September 16, 2012
If I use code like:

enum ulong VAR = 10;

I'd have expected this to be type checked when used as a ulong. Instead it seems to be checked based on its absolute value and is accepted for a function like:

void fun(int n) {
    // Do stuff
}

If the value of VAR is set to more than int.max then the compiler (DMD2 latest non-beta) notices the type mismatch. This would seem like an understandable enum behaviour if VAR was just enum rather than enum ulong but intuitively I'd have expected the specifier to limit what would accept the enum. Is this how it's supposed to work? As a beginner with D I came across the advice that enum was the correct way to specify global constants but this makes it feel safer to use const when you want type checking and perhaps enum isn't the right choice.
September 16, 2012
On Monday, September 17, 2012 01:03:46 ixid wrote:
> If I use code like:
> 
> enum ulong VAR = 10;
> 
> I'd have expected this to be type checked when used as a ulong. Instead it seems to be checked based on its absolute value and is accepted for a function like:
> 
> void fun(int n) {
>      // Do stuff
> }
> 
> If the value of VAR is set to more than int.max then the compiler (DMD2 latest non-beta) notices the type mismatch. This would seem like an understandable enum behaviour if VAR was just enum rather than enum ulong but intuitively I'd have expected the specifier to limit what would accept the enum. Is this how it's supposed to work? As a beginner with D I came across the advice that enum was the correct way to specify global constants but this makes it feel safer to use const when you want type checking and perhaps enum isn't the right choice.

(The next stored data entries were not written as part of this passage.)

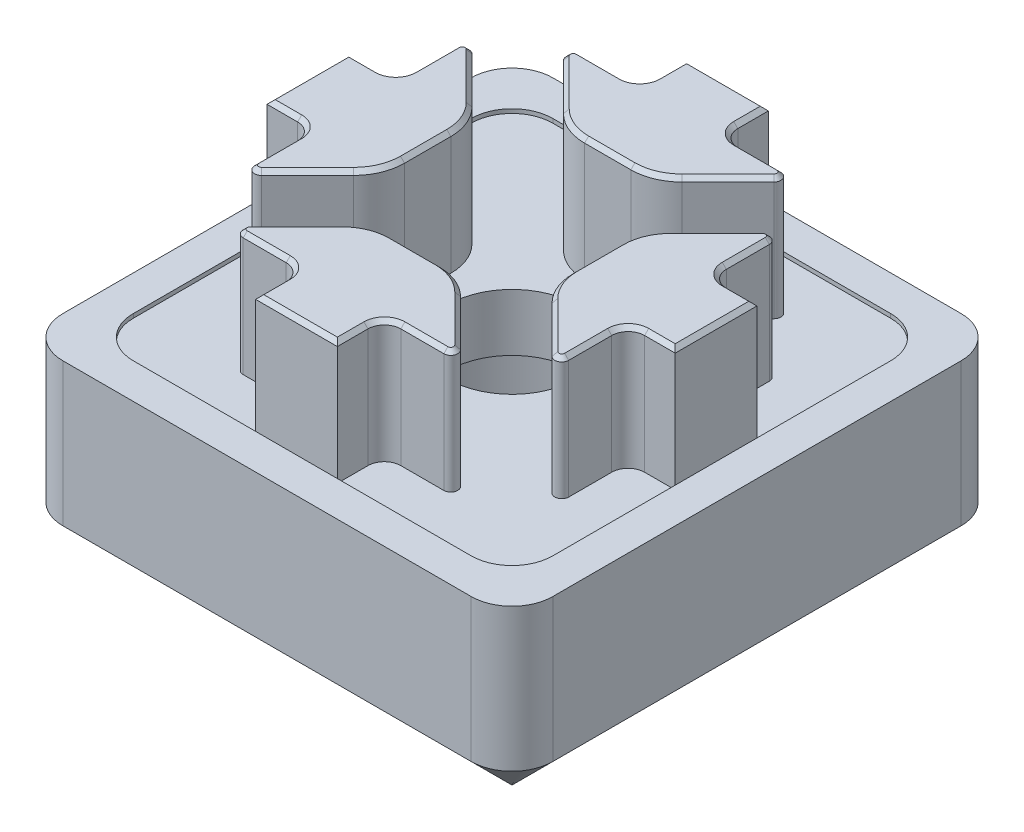
SolidWorks part; units mm, degrees
ref_plane "Front Plane" through (0, 0, 0) normal (0, 0, 1) x (1, 0, 0)
ref_plane "Top Plane" through (0, 0, 0) normal (0, 1, 0) x (1, 0, 0)
ref_plane "Right Plane" through (0, 0, 0) normal (1, 0, 0) x (0, 0, -1)
sketch "Sketch1" plane through (0, 0, 0) normal (0, 1, 0) x (1, 0, 0)
  line L1 (12, 12) -> (-12, 12)
  line L2 (12, 12) -> (12, -12)
  line L3 (12, -12) -> (-12, -12)
  line L4 (-12, 12) -> (-12, -12)
  line L5 (12, 12) -> (-12, -12) construction
  line L6 (12, -12) -> (-12, 12) construction
  circle A0 centre (0, 0) radius 3.15
  point P0 (0, 0)
  dimension "D3" = 6.3
  dimension "D1" = 24
  dimension "D2" = 24
extrude "Boss-Extrude1" add sketch "Sketch1" along normal blind 9
sketch "Sketch2" plane through (0, 9, 0) normal (0, 1, 0) x (1, 0, 0)
  line L1 (10.275, 10.275) -> (-10.275, 10.275)
  line L2 (10.275, 10.275) -> (10.275, -10.275)
  line L3 (10.275, -10.275) -> (-10.275, -10.275)
  line L4 (-10.275, 10.275) -> (-10.275, -10.275)
  line L5 (10.275, 10.275) -> (-10.275, -10.275) construction
  line L6 (10.275, -10.275) -> (-10.275, 10.275) construction
  point P0 (0, 0)
  dimension "D1" = 20.55
extrude "Cut-Extrude1" cut sketch "Sketch2" against normal blind 0.2
sketch "Sketch4" plane through (0, 0, 0) normal (0, -1, 0) x (1, 0, 0)
  circle A0 centre (0, 0) radius 6
extrude "Cut-Extrude2" cut sketch "Sketch4" against normal blind 6
fillet "Fillet1" radius 2 8 edges at (-10.275, 8.9, -10.275) (-10.275, 8.9, 10.275) (10.275, 8.9, 10.275) (10.275, 8.9, -10.275) (12, 4.5, 12) (-12, 4.5, 12) (-12, 4.5, -12) (12, 4.5, -12)
chamfer "Chamfer1" distance 2 angle 45 8 edges at (11.4142, 0, 11.4142) (0, 0, 12) (-11.4142, 0, 11.4142) (-12, 0, 0) (-11.4142, 0, -11.4142) (0, 0, -12) (12, 0, 0) (11.4142, 0, -11.4142)
chamfer "Chamfer2" distance 1 angle 45 1 edges at (0, 0, -6)
sketch "Sketch5" plane through (0, 8.8, 0) normal (0, 1, 0) x (1, 0, 0)
  line L0 (10.275, 9.7148) -> (9.4876, 9.7148)
  line L2 (9.4876, 9.7148) -> (8.7764, 9.7148)
  line L4 (8.7764, 9.7148) -> (8.4716, 9.7148)
  line L6 (8.4716, 9.7148) -> (8.2684, 9.7148)
  line L8 (10.275, 7.7082) -> (10.275, 9.7148)
  line L10 (10.275, 234.725) -> (10.275, 204.7148)
  line L12 (10.275, 204.7148) -> (256.2852, 204.7148)
  line L13 (8.7764, 2.2218) -> (10.275, 2.2218) construction
  line L14 (256.2852, 204.7148) -> (256.2852, 234.725)
  line L16 (256.2852, 234.725) -> (10.275, 234.725)
  line L17 (10.275, -8.275) -> (10.275, 8.275) construction
  line L18 (10.275, 84.7148) -> (256.2852, 84.7148)
  line L20 (256.2852, 84.7148) -> (256.2852, 184.725)
  line L22 (256.2852, 184.725) -> (10.275, 184.725)
  line L24 (10.275, 184.725) -> (10.275, 84.7148)
  line L26 (256.2852, 247.2218) -> (256.2852, 245.8533)
  line L28 (256.2852, 245.8533) -> (256.2852, 243.5865)
  line L30 (256.2852, 243.5865) -> (256.2852, 242.218)
  line L32 (256.2852, 242.218) -> (256.2852, 241.4306)
  line L34 (257.0726, 242.218) -> (257.7838, 242.218)
  line L36 (258.0886, 241.9132) -> (258.0886, 239.805)
  line L38 (259.5195, 239.2123) -> (261.7743, 241.4671)
  line L40 (262.6522, 243.5865) -> (262.6522, 245.8533)
  line L42 (261.7743, 247.9727) -> (259.5195, 250.2275)
  line L44 (258.0886, 249.6348) -> (258.0886, 247.5266)
  line L46 (257.7838, 247.2218) -> (257.0726, 247.2218)
  line L48 (256.2852, 248.0092) -> (256.2852, 247.2218)
  line L50 (256.2852, 234.725) -> (257.0726, 234.725)
  line L52 (257.0726, 234.725) -> (257.7838, 234.725)
  line L54 (257.7838, 234.725) -> (258.0886, 234.725)
  line L56 (258.0886, 234.725) -> (258.2918, 234.725)
  line L58 (256.2852, 236.7316) -> (256.2852, 234.725)
  line L60 (262.9908, 234.725) -> (265.1467, 234.725)
  line L62 (265.1467, 234.725) -> (267.4135, 234.725)
  line L64 (267.4135, 234.725) -> (269.0868, 234.725)
  line L66 (269.0868, 234.725) -> (269.5694, 234.725)
  line L68 (268.782, 235.5124) -> (268.782, 236.2236)
  line L70 (269.0868, 236.5284) -> (271.195, 236.5284)
  line L72 (271.7877, 237.9593) -> (269.5329, 240.2141)
  line L74 (267.4135, 241.092) -> (265.1467, 241.092)
  line L76 (263.0273, 240.2141) -> (260.7725, 237.9593)
  line L78 (261.3652, 236.5284) -> (263.4734, 236.5284)
  line L80 (263.7782, 236.2236) -> (263.7782, 235.5124)
  line L82 (9.4876, 2.2218) -> (8.7764, 2.2218)
  line L84 (8.4716, 2.5266) -> (8.4716, 4.6348)
  line L85 (8.4716, 2.5266) -> (8.4716, 4.6348) construction
  line L86 (7.0407, 5.2275) -> (4.7859, 2.9727)
  line L87 (7.0407, 5.2275) -> (4.7859, 2.9727) construction
  line L88 (3.908, 0.8533) -> (3.908, -1.4135)
  line L89 (3.908, 0.8533) -> (3.908, -1.4135) construction
  line L90 (4.7859, -3.5329) -> (7.0407, -5.7877)
  line L91 (4.7859, -3.5329) -> (7.0407, -5.7877) construction
  line L92 (8.4716, -5.195) -> (8.4716, -3.0868)
  line L93 (8.4716, -5.195) -> (8.4716, -3.0868) construction
  line L94 (8.7764, -2.782) -> (9.4876, -2.782)
  line L96 (10.275, -3.5694) -> (10.275, -3.0868)
  line L98 (10.275, -3.0868) -> (10.275, -2.782)
  line L100 (10.275, -2.782) -> (10.275, -1.4135)
  line L102 (10.275, -1.4135) -> (10.275, 0.8533)
  line L104 (10.275, 0.8533) -> (10.275, 2.5266)
  line L106 (10.275, 2.5266) -> (10.275, 3.0092)
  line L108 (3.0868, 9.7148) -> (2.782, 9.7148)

That's how it works with integral values in general in D. If the compiler can determine that the integral value will fit in the type that you're trying to assign it to, then it'll let you do it. There's a term for this, but I forget what it is at the moment. It's a very deliberate feature decision which does vary from how it works in C/C++, and it shouldn't cause you any problems.

In most cases, of course, the compiler has no idea what the value of your variable is and will have to assume that it's larger than will fit if a narrowing conversion is required, but with an enum, it always knows what the value is. But I'd expect that you'd get the same behavior if you changed VAR to immutable or const, because it's value would still always be known.

Now, if you overloaded fun on int and ulong, then the ulong version should be used, because you typed VAR as being ulong, but as long as there's no ambiguity, and the compiler knows that the value that you're trying to assign to a smaller integral type will fit in that smaller integral type, it should do the narrowing conversion without an explicit cast.

- Jonathan M Davis
September 16, 2012
On 09/16/2012 04:40 PM, Jonathan M Davis wrote:
> On Monday, September 17, 2012 01:03:46 ixid wrote:
>> If I use code like:
>>
>> enum ulong VAR = 10;
>>
>> I'd have expected this to be type checked when used as a ulong.
>> Instead it seems to be checked based on its absolute value and is
>> accepted for a function like:
>>
>> void fun(int n) {
>>       // Do stuff
>> }

> That's how it works with integral values in general in D. If the compiler can
> determine that the integral value will fit in the type that you're trying to
> assign it to, then it'll let you do it. There's a term for this, but I forget
> what it is at the moment.

Value range propagation:

  http://www.drdobbs.com/tools/value-range-propagation/229300211

Ali

September 17, 2012
Thanks, I had no idea that that was how it works, I tripped myself up with my own assumptions so took a while to find an error, knowing that makes it clearer.
September 17, 2012
ixid:

> As a beginner with D I came across the advice that enum was the correct way to specify global constants but this makes it feel safer to use const when you want type checking and perhaps enum isn't the right choice.

It's a safe and quite feature of D. Unfortunately for implementation simplicity (and maybe compilation performance) this kind of static analysis is limited to single expressions. This limits its usefulness (and sometimes forces you to write larger single expressions to avoid casts, instead of assigning parts of an expression to intermediate variables).

Don and Hara have discussed a bit the possibility of extending this D feature (value range propagation) to include simple cases like this, that currently don't compile:

void main() {
    ubyte[10] array;
    foreach (i, ref x; array)
        x = i;
}


Even for a simple compiler it's not hard to see that this 'i' will not go past the max value of an ubyte. There are C lints that toady are able to do far more than this, and they run very fast.